(Collected data)
BEGIN
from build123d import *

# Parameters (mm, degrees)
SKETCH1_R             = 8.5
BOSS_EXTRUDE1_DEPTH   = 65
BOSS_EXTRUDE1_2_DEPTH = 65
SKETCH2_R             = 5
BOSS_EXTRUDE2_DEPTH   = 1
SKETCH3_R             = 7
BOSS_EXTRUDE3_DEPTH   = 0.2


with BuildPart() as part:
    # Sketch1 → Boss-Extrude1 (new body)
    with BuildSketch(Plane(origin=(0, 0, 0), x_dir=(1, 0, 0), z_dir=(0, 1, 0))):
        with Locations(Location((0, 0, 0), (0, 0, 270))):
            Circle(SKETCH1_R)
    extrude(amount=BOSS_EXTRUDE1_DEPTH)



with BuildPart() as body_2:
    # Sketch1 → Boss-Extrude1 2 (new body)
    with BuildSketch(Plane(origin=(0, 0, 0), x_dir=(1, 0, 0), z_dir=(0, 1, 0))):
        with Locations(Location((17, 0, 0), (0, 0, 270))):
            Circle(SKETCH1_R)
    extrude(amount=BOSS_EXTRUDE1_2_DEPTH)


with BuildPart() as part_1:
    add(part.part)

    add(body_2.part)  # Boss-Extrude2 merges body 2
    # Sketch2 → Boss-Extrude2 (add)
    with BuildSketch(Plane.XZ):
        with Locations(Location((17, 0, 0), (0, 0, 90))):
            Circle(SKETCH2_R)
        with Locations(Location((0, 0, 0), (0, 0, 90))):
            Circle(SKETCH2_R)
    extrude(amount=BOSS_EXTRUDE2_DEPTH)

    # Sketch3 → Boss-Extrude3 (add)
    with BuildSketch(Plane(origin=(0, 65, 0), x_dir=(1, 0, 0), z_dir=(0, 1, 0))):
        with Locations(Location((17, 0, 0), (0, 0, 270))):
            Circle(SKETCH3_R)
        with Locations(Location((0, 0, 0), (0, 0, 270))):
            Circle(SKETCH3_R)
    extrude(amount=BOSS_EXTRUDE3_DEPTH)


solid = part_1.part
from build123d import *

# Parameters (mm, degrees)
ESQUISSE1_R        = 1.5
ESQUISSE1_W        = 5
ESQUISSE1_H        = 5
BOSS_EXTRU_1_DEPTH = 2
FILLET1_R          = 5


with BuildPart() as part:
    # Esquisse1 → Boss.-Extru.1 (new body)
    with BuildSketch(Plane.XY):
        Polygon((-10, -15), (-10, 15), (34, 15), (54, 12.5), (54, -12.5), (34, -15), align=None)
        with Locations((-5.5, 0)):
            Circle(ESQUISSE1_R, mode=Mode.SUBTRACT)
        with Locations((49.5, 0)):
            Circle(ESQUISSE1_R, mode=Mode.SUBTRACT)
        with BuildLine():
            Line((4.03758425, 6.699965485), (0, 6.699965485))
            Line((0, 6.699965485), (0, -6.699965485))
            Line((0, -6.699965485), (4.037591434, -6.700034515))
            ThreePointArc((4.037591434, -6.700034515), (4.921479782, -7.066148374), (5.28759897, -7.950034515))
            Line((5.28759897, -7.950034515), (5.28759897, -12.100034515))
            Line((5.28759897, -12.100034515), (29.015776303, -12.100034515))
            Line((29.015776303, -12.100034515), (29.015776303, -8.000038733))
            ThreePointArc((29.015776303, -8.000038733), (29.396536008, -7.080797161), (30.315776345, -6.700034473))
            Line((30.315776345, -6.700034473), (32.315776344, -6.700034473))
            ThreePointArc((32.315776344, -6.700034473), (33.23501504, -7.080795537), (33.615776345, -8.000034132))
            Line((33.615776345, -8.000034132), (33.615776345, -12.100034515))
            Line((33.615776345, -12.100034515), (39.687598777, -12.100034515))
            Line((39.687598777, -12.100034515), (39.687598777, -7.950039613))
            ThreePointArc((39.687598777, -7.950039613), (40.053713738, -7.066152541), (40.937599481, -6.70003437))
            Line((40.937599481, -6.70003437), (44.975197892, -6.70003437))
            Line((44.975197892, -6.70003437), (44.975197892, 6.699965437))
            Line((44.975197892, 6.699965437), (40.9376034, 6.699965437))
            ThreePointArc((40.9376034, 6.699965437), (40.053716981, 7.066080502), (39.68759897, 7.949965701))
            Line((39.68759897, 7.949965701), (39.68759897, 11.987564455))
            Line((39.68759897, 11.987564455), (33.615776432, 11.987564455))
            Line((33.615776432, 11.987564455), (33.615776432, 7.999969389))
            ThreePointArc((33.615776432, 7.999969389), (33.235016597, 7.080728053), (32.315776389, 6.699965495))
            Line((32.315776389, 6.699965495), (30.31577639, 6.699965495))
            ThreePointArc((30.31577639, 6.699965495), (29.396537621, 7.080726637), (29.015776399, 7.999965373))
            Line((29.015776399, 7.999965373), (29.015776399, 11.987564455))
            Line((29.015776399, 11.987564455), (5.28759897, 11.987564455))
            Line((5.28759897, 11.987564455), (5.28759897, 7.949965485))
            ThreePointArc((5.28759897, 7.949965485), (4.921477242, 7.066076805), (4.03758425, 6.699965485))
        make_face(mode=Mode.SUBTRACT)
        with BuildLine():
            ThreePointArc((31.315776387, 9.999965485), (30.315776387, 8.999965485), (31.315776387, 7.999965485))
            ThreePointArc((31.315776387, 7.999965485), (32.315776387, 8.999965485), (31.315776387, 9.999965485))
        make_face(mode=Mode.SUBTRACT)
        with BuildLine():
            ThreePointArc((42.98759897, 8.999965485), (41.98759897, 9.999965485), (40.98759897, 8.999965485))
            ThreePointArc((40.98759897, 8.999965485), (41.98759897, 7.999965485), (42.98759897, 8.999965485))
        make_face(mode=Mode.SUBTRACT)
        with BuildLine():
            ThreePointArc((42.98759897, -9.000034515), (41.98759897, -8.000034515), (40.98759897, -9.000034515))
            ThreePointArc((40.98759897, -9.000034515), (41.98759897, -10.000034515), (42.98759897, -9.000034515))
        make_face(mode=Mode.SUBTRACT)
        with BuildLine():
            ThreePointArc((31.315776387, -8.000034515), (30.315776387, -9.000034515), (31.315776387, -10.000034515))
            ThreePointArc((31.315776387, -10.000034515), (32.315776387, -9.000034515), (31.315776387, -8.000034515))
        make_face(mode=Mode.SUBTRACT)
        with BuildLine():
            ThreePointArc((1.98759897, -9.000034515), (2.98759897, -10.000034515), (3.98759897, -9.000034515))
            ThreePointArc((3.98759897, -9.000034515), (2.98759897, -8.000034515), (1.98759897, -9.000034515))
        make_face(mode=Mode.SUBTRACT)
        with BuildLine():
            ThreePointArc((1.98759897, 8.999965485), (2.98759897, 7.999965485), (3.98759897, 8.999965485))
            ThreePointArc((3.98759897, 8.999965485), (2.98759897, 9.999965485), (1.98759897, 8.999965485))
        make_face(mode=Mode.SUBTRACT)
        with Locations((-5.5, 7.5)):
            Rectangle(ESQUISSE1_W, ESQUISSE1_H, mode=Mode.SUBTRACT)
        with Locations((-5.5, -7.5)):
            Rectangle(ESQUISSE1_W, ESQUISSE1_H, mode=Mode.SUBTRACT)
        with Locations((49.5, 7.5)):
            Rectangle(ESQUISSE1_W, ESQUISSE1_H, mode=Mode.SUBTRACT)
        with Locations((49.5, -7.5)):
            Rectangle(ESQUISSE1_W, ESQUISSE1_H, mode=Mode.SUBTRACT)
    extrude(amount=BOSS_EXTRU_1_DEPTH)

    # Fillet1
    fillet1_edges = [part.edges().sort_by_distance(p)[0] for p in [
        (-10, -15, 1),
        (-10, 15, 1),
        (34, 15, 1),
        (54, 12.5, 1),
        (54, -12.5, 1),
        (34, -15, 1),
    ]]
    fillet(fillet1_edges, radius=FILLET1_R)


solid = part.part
END
» PROBLEM TO WORK ON: Copy all lines from the data that hold the word "BuildPart".

» WRITTEN RESPONSE:
with BuildPart() as part:
with BuildPart() as body_2:
with BuildPart() as part_1:
with BuildPart() as part:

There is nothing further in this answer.